Sharma Anup, Vatapalli Rajita, Abdelfatah Eihab, Wyatt McMahon K, Kerner Zachary, A Guzzetta Angela, Singh Jasvinder, Zahnow Cynthia, B Baylin Stephen, Yerram Sashidhar, Hu Yue, Azad Nilofer, Ahuja Nita
Department of Surgery, The Johns Hopkins University School of Medicine, Baltimore, Maryland, United States of America.
Department of Oncology, The Johns Hopkins University School of Medicine, Baltimore, Maryland, United States of America.
PLoS One. 2017 Apr 26;12(4):e0176139. doi: 10.1371/journal.pone.0176139. eCollection 2017.

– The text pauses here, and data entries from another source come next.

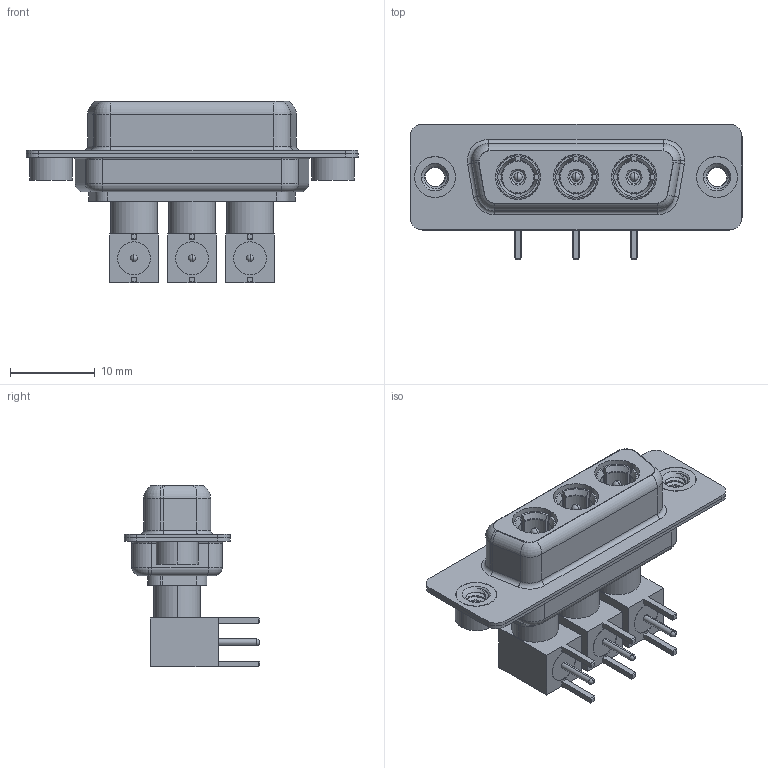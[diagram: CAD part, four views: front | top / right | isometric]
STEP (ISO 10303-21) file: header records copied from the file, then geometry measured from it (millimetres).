
FILE_DESCRIPTION (( 'STEP AP203' ), '1' );
FILE_NAME ('630-3W3-640-5T2.STEP', '2022-05-30T13:50:40', ( '' ), ( '' ), 'SwSTEP 2.0', 'SolidWorks 2020', '' );
FILE_SCHEMA (( 'CONFIG_CONTROL_DESIGN' ));
Length unit declared in the file: millimetre
Products named in the file (14): 630Combo Housing_3W3; Co-Ax Plug Assy_RA; 630Combo Shell Front_15 Contacts; Insulator Pin_Straight PC Tail; RA Back Shell; Co-Ax Plug_RA PC Tail; 630Combo Shell Rear_15 Contacts; 630Combo Threaded Rivet_2; Pin_RA; Insulator RA Pin; Locking Collar; 630-3W3-640-5T2
Assembly tree (26 placements, depth 3):
  630-3W3-640-5T2
    630Combo Housing_3W3
    630Combo Shell Front_15 Contacts
    630Combo Shell Rear_15 Contacts
    630Combo Threaded Rivet_2  x2
    Co-Ax Plug Assy_RA
      Co-Ax Plug_RA PC Tail
      Insulator Pin_Straight PC Tail
      Pin_RA
      Locking Collar
      RA Back Shell
      Insulator RA Pin
    Co-Ax Plug Assy_RA
      Co-Ax Plug_RA PC Tail
      Insulator Pin_Straight PC Tail
      Pin_RA
      Locking Collar
      RA Back Shell
      Insulator RA Pin
    Co-Ax Plug Assy_RA
      Co-Ax Plug_RA PC Tail
      Insulator Pin_Straight PC Tail
      Pin_RA
      Locking Collar
      RA Back Shell
      Insulator RA Pin
Bounding box: 39.2 x 16 x 21.41 mm (x, y, z)
Volume: 3140.5 mm3; surface area: 7789.5 mm2
Topology: 23 solids, 23 shells, 783 faces, 1888 edges, 1180 vertices
Faces by surface type: cylinder 332, plane 268, cone 87, torus 75, sphere 12, bspline 9
Entity records: 16007 total; most frequent: CARTESIAN_POINT 4013, DIRECTION 2290, ORIENTED_EDGE 2034, EDGE_CURVE 1017, AXIS2_PLACEMENT_3D 924, VERTEX_POINT 640, EDGE_LOOP 479, CIRCLE 472
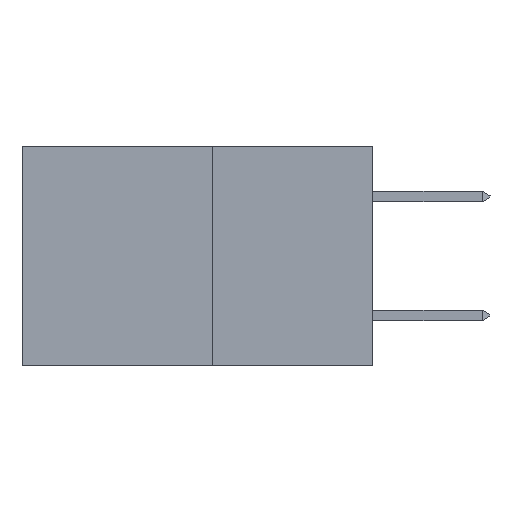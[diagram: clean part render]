
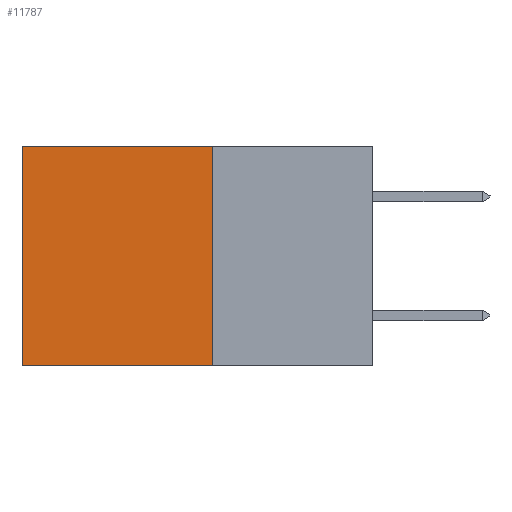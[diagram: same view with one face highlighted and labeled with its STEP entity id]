
A CAD part, left-side view. The second image highlights one B-rep face of the part: STEP entity #11787.
In plain terms, the highlighted planar face has unit normal (-1, 0, 0).
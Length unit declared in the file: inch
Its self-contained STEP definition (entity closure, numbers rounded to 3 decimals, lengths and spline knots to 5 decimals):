
#488 = DIRECTION ( 'NONE',  ( 0., 0., -1. ) ) ;
#1784 = EDGE_LOOP ( 'NONE', ( #13031, #16816, #5526, #1888 ) ) ;
#1888 = ORIENTED_EDGE ( 'NONE', *, *, #9578, .T. ) ;
#2210 = DIRECTION ( 'NONE',  ( 0., 0., -1. ) ) ;
#2363 = CARTESIAN_POINT ( 'NONE',  ( 0.277, 0.59, 0. ) ) ;
#2555 = VERTEX_POINT ( 'NONE', #10103 ) ;
#2608 = CARTESIAN_POINT ( 'NONE',  ( 0.277, 0.27, 0. ) ) ;
#3088 = CARTESIAN_POINT ( 'NONE',  ( 0.277, 0.27, -0.37 ) ) ;
#4010 = LINE ( 'NONE', #16590, #10802 ) ;
#4250 = CARTESIAN_POINT ( 'NONE',  ( 0.277, 0.27, -0.37 ) ) ;
#4973 = VECTOR ( 'NONE', #6959, 39.37008 ) ;
#5118 = EDGE_CURVE ( 'NONE', #12979, #6219, #14135, .T. ) ;
#5401 = LINE ( 'NONE', #5590, #4973 ) ;
#5526 = ORIENTED_EDGE ( 'NONE', *, *, #5118, .F. ) ;
#5590 = CARTESIAN_POINT ( 'NONE',  ( 0.277, 0.27, 0. ) ) ;
#6219 = VERTEX_POINT ( 'NONE', #14599 ) ;
#6886 = AXIS2_PLACEMENT_3D ( 'NONE', #9006, #10339, #2210 ) ;
#6959 = DIRECTION ( 'NONE',  ( 0., 1., 0. ) ) ;
#7398 = VERTEX_POINT ( 'NONE', #2363 ) ;
#8035 = FACE_OUTER_BOUND ( 'NONE', #1784, .T. ) ;
#8916 = LINE ( 'NONE', #4250, #15524 ) ;
#9006 = CARTESIAN_POINT ( 'NONE',  ( 0.277, 0.27, -0.37 ) ) ;
#9578 = EDGE_CURVE ( 'NONE', #12979, #7398, #5401, .T. ) ;
#10103 = CARTESIAN_POINT ( 'NONE',  ( 0.277, 0.59, -0.37 ) ) ;
#10113 = EDGE_CURVE ( 'NONE', #6219, #2555, #8916, .T. ) ;
#10339 = DIRECTION ( 'NONE',  ( 1., 0., 0. ) ) ;
#10802 = VECTOR ( 'NONE', #488, 39.37008 ) ;
#10894 = EDGE_CURVE ( 'NONE', #7398, #2555, #4010, .T. ) ;
#11062 = DIRECTION ( 'NONE',  ( 0., 1., 0. ) ) ;
#11221 = DIRECTION ( 'NONE',  ( 0., 0., -1. ) ) ;
#11787 = ADVANCED_FACE ( 'NONE', ( #8035 ), #16894, .F. ) ;
#12979 = VERTEX_POINT ( 'NONE', #2608 ) ;
#13031 = ORIENTED_EDGE ( 'NONE', *, *, #10894, .T. ) ;
#14135 = LINE ( 'NONE', #3088, #14545 ) ;
#14545 = VECTOR ( 'NONE', #11221, 39.37008 ) ;
#14599 = CARTESIAN_POINT ( 'NONE',  ( 0.277, 0.27, -0.37 ) ) ;
#15524 = VECTOR ( 'NONE', #11062, 39.37008 ) ;
#16590 = CARTESIAN_POINT ( 'NONE',  ( 0.277, 0.59, -0.37 ) ) ;
#16816 = ORIENTED_EDGE ( 'NONE', *, *, #10113, .F. ) ;
#16894 = PLANE ( 'NONE',  #6886 ) ;
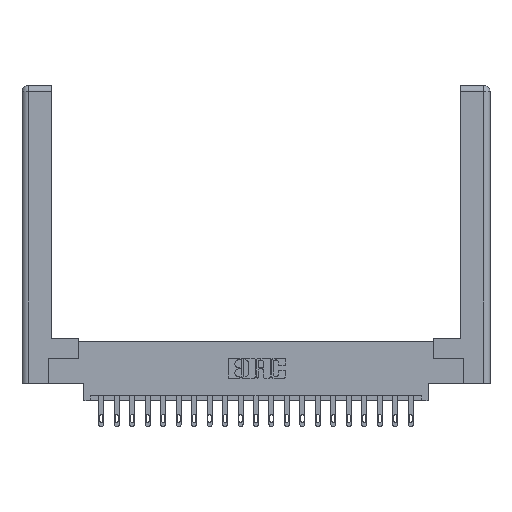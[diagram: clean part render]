
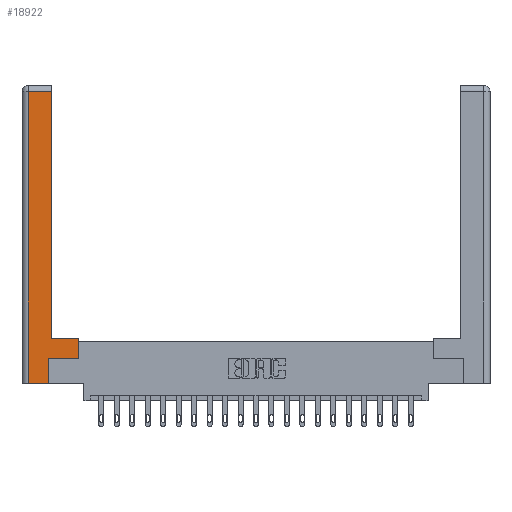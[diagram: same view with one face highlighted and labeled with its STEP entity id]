
A CAD part, top view. The second image highlights one B-rep face of the part: STEP entity #18922.
In plain terms, the highlighted planar face has unit normal (0, 0, 1).
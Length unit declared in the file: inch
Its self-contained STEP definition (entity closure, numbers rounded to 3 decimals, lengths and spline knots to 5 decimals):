
#258 = ORIENTED_EDGE ( 'NONE', *, *, #2704, .T. ) ;
#1376 = VECTOR ( 'NONE', #11586, 39.37008 ) ;
#1728 = VECTOR ( 'NONE', #12987, 39.37008 ) ;
#2641 = ORIENTED_EDGE ( 'NONE', *, *, #19667, .T. ) ;
#2704 = EDGE_CURVE ( 'NONE', #6426, #9334, #5608, .T. ) ;
#2764 = CARTESIAN_POINT ( 'NONE',  ( 0.265, 0.245, 0. ) ) ;
#2919 = AXIS2_PLACEMENT_3D ( 'NONE', #14891, #13499, #13436 ) ;
#3459 = PLANE ( 'NONE',  #2919 ) ;
#3515 = DIRECTION ( 'NONE',  ( -1., 0., 0. ) ) ;
#3918 = VERTEX_POINT ( 'NONE', #11086 ) ;
#4094 = VECTOR ( 'NONE', #12815, 39.37008 ) ;
#4804 = CARTESIAN_POINT ( 'NONE',  ( 0.295, 3., 0. ) ) ;
#4879 = VECTOR ( 'NONE', #20754, 39.37008 ) ;
#5142 = CARTESIAN_POINT ( 'NONE',  ( 0.565, 0.245, 0. ) ) ;
#5181 = CARTESIAN_POINT ( 'NONE',  ( 0.295, 0.45, 0. ) ) ;
#5608 = LINE ( 'NONE', #18826, #18724 ) ;
#5674 = LINE ( 'NONE', #7568, #4094 ) ;
#6426 = VERTEX_POINT ( 'NONE', #10474 ) ;
#6837 = CARTESIAN_POINT ( 'NONE',  ( 0.565, 0.45, 0. ) ) ;
#6952 = DIRECTION ( 'NONE',  ( 0., -1., 0. ) ) ;
#7014 = DIRECTION ( 'NONE',  ( 0., 1., 0. ) ) ;
#7089 = ORIENTED_EDGE ( 'NONE', *, *, #20470, .T. ) ;
#7568 = CARTESIAN_POINT ( 'NONE',  ( 0.565, 0.45, 0. ) ) ;
#8180 = CARTESIAN_POINT ( 'NONE',  ( 0.265, 0., 0. ) ) ;
#8657 = CARTESIAN_POINT ( 'NONE',  ( 0.295, 0.45, 0. ) ) ;
#8865 = ORIENTED_EDGE ( 'NONE', *, *, #11472, .T. ) ;
#8896 = FACE_OUTER_BOUND ( 'NONE', #11728, .T. ) ;
#8969 = ORIENTED_EDGE ( 'NONE', *, *, #9465, .T. ) ;
#9011 = LINE ( 'NONE', #4804, #1376 ) ;
#9334 = VERTEX_POINT ( 'NONE', #21606 ) ;
#9344 = VECTOR ( 'NONE', #7014, 39.37008 ) ;
#9465 = EDGE_CURVE ( 'NONE', #13011, #15039, #10147, .T. ) ;
#9709 = ORIENTED_EDGE ( 'NONE', *, *, #20204, .T. ) ;
#9841 = EDGE_CURVE ( 'NONE', #9334, #3918, #19838, .T. ) ;
#10038 = EDGE_CURVE ( 'NONE', #15151, #20467, #19283, .T. ) ;
#10147 = LINE ( 'NONE', #8657, #13311 ) ;
#10474 = CARTESIAN_POINT ( 'NONE',  ( 0.0615, 2.94, 0. ) ) ;
#10612 = CARTESIAN_POINT ( 'NONE',  ( 0.0615, 2.94, 0. ) ) ;
#11086 = CARTESIAN_POINT ( 'NONE',  ( 0.265, 0., 0. ) ) ;
#11472 = EDGE_CURVE ( 'NONE', #15039, #16797, #9011, .T. ) ;
#11586 = DIRECTION ( 'NONE',  ( 0., 1., 0. ) ) ;
#11728 = EDGE_LOOP ( 'NONE', ( #8865, #7089, #258, #13818, #2641, #15909, #9709, #8969 ) ) ;
#12815 = DIRECTION ( 'NONE',  ( 0., 1., 0. ) ) ;
#12987 = DIRECTION ( 'NONE',  ( 1., 0., 0. ) ) ;
#13011 = VERTEX_POINT ( 'NONE', #6837 ) ;
#13311 = VECTOR ( 'NONE', #3515, 39.37008 ) ;
#13436 = DIRECTION ( 'NONE',  ( -1., 0., 0. ) ) ;
#13499 = DIRECTION ( 'NONE',  ( 0., 0., -1. ) ) ;
#13818 = ORIENTED_EDGE ( 'NONE', *, *, #9841, .T. ) ;
#14340 = CARTESIAN_POINT ( 'NONE',  ( 0.565, 0.245, 0. ) ) ;
#14891 = CARTESIAN_POINT ( 'NONE',  ( 0., 0., 0. ) ) ;
#15039 = VERTEX_POINT ( 'NONE', #5181 ) ;
#15119 = LINE ( 'NONE', #10612, #20869 ) ;
#15151 = VERTEX_POINT ( 'NONE', #2764 ) ;
#15756 = DIRECTION ( 'NONE',  ( -1., 0., 0. ) ) ;
#15909 = ORIENTED_EDGE ( 'NONE', *, *, #10038, .T. ) ;
#16797 = VERTEX_POINT ( 'NONE', #19043 ) ;
#16984 = LINE ( 'NONE', #18812, #9344 ) ;
#18724 = VECTOR ( 'NONE', #6952, 39.37008 ) ;
#18812 = CARTESIAN_POINT ( 'NONE',  ( 0.265, 0.245, 0. ) ) ;
#18826 = CARTESIAN_POINT ( 'NONE',  ( 0.0615, 0., 0. ) ) ;
#18922 = ADVANCED_FACE ( 'NONE', ( #8896 ), #3459, .F. ) ;
#19043 = CARTESIAN_POINT ( 'NONE',  ( 0.295, 2.94, 0. ) ) ;
#19283 = LINE ( 'NONE', #14340, #4879 ) ;
#19667 = EDGE_CURVE ( 'NONE', #3918, #15151, #16984, .T. ) ;
#19838 = LINE ( 'NONE', #8180, #1728 ) ;
#20204 = EDGE_CURVE ( 'NONE', #20467, #13011, #5674, .T. ) ;
#20467 = VERTEX_POINT ( 'NONE', #5142 ) ;
#20470 = EDGE_CURVE ( 'NONE', #16797, #6426, #15119, .T. ) ;
#20754 = DIRECTION ( 'NONE',  ( 1., 0., 0. ) ) ;
#20869 = VECTOR ( 'NONE', #15756, 39.37008 ) ;
#21606 = CARTESIAN_POINT ( 'NONE',  ( 0.0615, 0., 0. ) ) ;
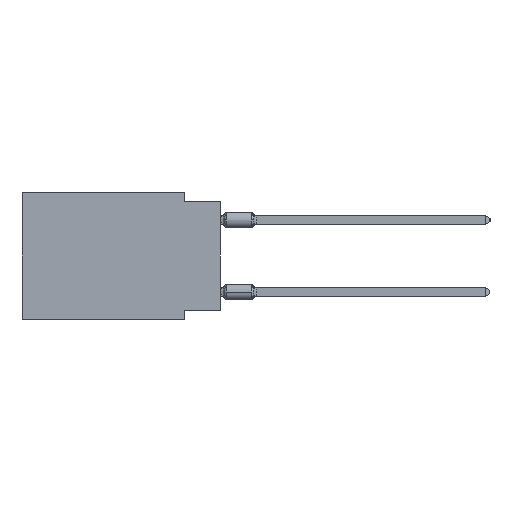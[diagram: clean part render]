
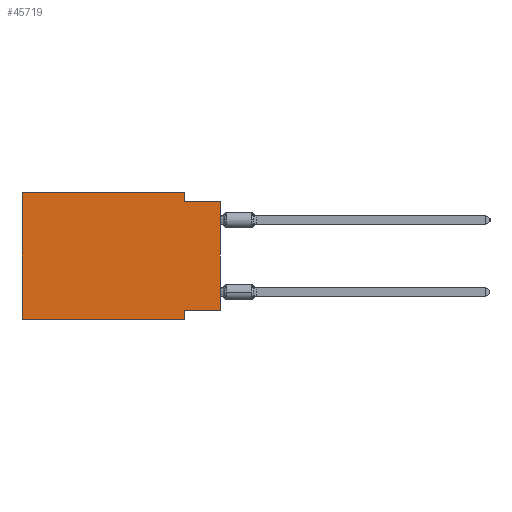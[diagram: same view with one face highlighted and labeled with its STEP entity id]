
A CAD part, left-side view. The second image highlights one B-rep face of the part: STEP entity #45719.
In plain terms, the highlighted planar face has unit normal (-1, 0, 0).
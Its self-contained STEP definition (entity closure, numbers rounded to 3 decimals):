
#1503 = CARTESIAN_POINT ( 'NONE',  ( 0., 13.97, -8.89 ) ) ;
#2421 = CARTESIAN_POINT ( 'NONE',  ( 0., 13.97, -8.89 ) ) ;
#2617 = CARTESIAN_POINT ( 'NONE',  ( 0., 2.54, 0. ) ) ;
#5274 = CARTESIAN_POINT ( 'NONE',  ( 0., 0., 0. ) ) ;
#5318 = VERTEX_POINT ( 'NONE', #34277 ) ;
#6966 = ORIENTED_EDGE ( 'NONE', *, *, #13096, .F. ) ;
#6985 = VECTOR ( 'NONE', #33532, 1000. ) ;
#7600 = DIRECTION ( 'NONE',  ( 0., 0., -1. ) ) ;
#7608 = LINE ( 'NONE', #27899, #28563 ) ;
#8690 = ORIENTED_EDGE ( 'NONE', *, *, #14452, .F. ) ;
#9925 = DIRECTION ( 'NONE',  ( 0., -1., 0. ) ) ;
#11632 = CARTESIAN_POINT ( 'NONE',  ( 0., 0., -8.255 ) ) ;
#12003 = CARTESIAN_POINT ( 'NONE',  ( 0., 13.97, 0. ) ) ;
#12917 = VERTEX_POINT ( 'NONE', #30679 ) ;
#13096 = EDGE_CURVE ( 'NONE', #50201, #5318, #27880, .T. ) ;
#13294 = EDGE_CURVE ( 'NONE', #20898, #40234, #38496, .T. ) ;
#13916 = ORIENTED_EDGE ( 'NONE', *, *, #34729, .T. ) ;
#14452 = EDGE_CURVE ( 'NONE', #28546, #12917, #22585, .T. ) ;
#15229 = VECTOR ( 'NONE', #26466, 1000. ) ;
#15240 = DIRECTION ( 'NONE',  ( 0., 0., 1. ) ) ;
#15717 = CARTESIAN_POINT ( 'NONE',  ( 0., 0., -0.635 ) ) ;
#20339 = EDGE_CURVE ( 'NONE', #20898, #51565, #46730, .T. ) ;
#20396 = CARTESIAN_POINT ( 'NONE',  ( 0., 0., -0.635 ) ) ;
#20777 = EDGE_CURVE ( 'NONE', #12917, #61230, #25393, .T. ) ;
#20898 = VERTEX_POINT ( 'NONE', #2421 ) ;
#21700 = CARTESIAN_POINT ( 'NONE',  ( 0., 2.54, -8.89 ) ) ;
#21777 = AXIS2_PLACEMENT_3D ( 'NONE', #12003, #42916, #57870 ) ;
#21846 = VECTOR ( 'NONE', #21936, 1000. ) ;
#21936 = DIRECTION ( 'NONE',  ( 0., 1., 0. ) ) ;
#22510 = EDGE_LOOP ( 'NONE', ( #13916, #53146, #8690, #54190, #54438, #48110, #46343, #6966 ) ) ;
#22585 = LINE ( 'NONE', #2617, #45269 ) ;
#24821 = VECTOR ( 'NONE', #40674, 1000. ) ;
#25393 = LINE ( 'NONE', #20396, #24821 ) ;
#26039 = EDGE_CURVE ( 'NONE', #40234, #28546, #61986, .T. ) ;
#26466 = DIRECTION ( 'NONE',  ( 0., -1., 0. ) ) ;
#26644 = PLANE ( 'NONE',  #21777 ) ;
#27454 = CARTESIAN_POINT ( 'NONE',  ( 0., 13.97, 0. ) ) ;
#27880 = LINE ( 'NONE', #11632, #21846 ) ;
#27899 = CARTESIAN_POINT ( 'NONE',  ( 0., 2.54, -8.89 ) ) ;
#28546 = VERTEX_POINT ( 'NONE', #43078 ) ;
#28563 = VECTOR ( 'NONE', #41873, 1000. ) ;
#30679 = CARTESIAN_POINT ( 'NONE',  ( 0., 2.54, -0.635 ) ) ;
#33532 = DIRECTION ( 'NONE',  ( 0., 0., 1. ) ) ;
#34277 = CARTESIAN_POINT ( 'NONE',  ( 0., 2.54, -8.255 ) ) ;
#34729 = EDGE_CURVE ( 'NONE', #50201, #61230, #39890, .T. ) ;
#38496 = LINE ( 'NONE', #60077, #6985 ) ;
#38591 = VECTOR ( 'NONE', #9925, 1000. ) ;
#39890 = LINE ( 'NONE', #5274, #59852 ) ;
#40005 = CARTESIAN_POINT ( 'NONE',  ( 0., 0., -8.255 ) ) ;
#40234 = VERTEX_POINT ( 'NONE', #51014 ) ;
#40674 = DIRECTION ( 'NONE',  ( 0., -1., 0. ) ) ;
#41873 = DIRECTION ( 'NONE',  ( 0., 0., -1. ) ) ;
#42916 = DIRECTION ( 'NONE',  ( 1., 0., 0. ) ) ;
#43078 = CARTESIAN_POINT ( 'NONE',  ( 0., 2.54, 0. ) ) ;
#45269 = VECTOR ( 'NONE', #7600, 1000. ) ;
#45719 = ADVANCED_FACE ( 'NONE', ( #63520 ), #26644, .F. ) ;
#46343 = ORIENTED_EDGE ( 'NONE', *, *, #50887, .F. ) ;
#46730 = LINE ( 'NONE', #1503, #38591 ) ;
#48110 = ORIENTED_EDGE ( 'NONE', *, *, #20339, .T. ) ;
#50201 = VERTEX_POINT ( 'NONE', #40005 ) ;
#50887 = EDGE_CURVE ( 'NONE', #5318, #51565, #7608, .T. ) ;
#51014 = CARTESIAN_POINT ( 'NONE',  ( 0., 13.97, 0. ) ) ;
#51565 = VERTEX_POINT ( 'NONE', #21700 ) ;
#53146 = ORIENTED_EDGE ( 'NONE', *, *, #20777, .F. ) ;
#54190 = ORIENTED_EDGE ( 'NONE', *, *, #26039, .F. ) ;
#54438 = ORIENTED_EDGE ( 'NONE', *, *, #13294, .F. ) ;
#57870 = DIRECTION ( 'NONE',  ( 0., 0., -1. ) ) ;
#59852 = VECTOR ( 'NONE', #15240, 1000. ) ;
#60077 = CARTESIAN_POINT ( 'NONE',  ( 0., 13.97, 0. ) ) ;
#61230 = VERTEX_POINT ( 'NONE', #15717 ) ;
#61986 = LINE ( 'NONE', #27454, #15229 ) ;
#63520 = FACE_OUTER_BOUND ( 'NONE', #22510, .T. ) ;

Colorectal cancer (CRC) is the second leading cause of cancer death in the United States. In the metastatic setting, the majority of patients respond to initial therapies but eventually develop resistance and progress. In this study, we test the hypothesis that priming with epigenetic therapy sensitizes CRC cell lines, which were previously resistant to subsequent chemotherapeutic agents. When multiple CRC cell lines are first exposed to 500 nM of the DNA demethylating agent, 5-aza-cytidine (AZA) in-vitro, and the cells then established as in-vivo xenografts in untreated NOD-SCID mice; there is an enhanced response to cytotoxic chemotherapy with agents commonly used in CRC treatment. For irinotecan (IRI), growth diminished by 16-62 fold as assessed, by both proliferation (IC50) and anchorage independent cell growth soft agar assays. Treatment of resistant HCT116 cell line along with in-vivo, for CRC line xenografts, AZA plus IRI again exhibits this synergistic response with significant improvement in survival and tumor regression in the mice. Genome-wide expression correlates changes in pathways for cell adhesion and DNA repair with the above responses. A Phase 1/2 clinical trial testing this concept is already underway testing the clinical efficacy of this concept in IRI resistant, metastatic CRC (NCT01896856).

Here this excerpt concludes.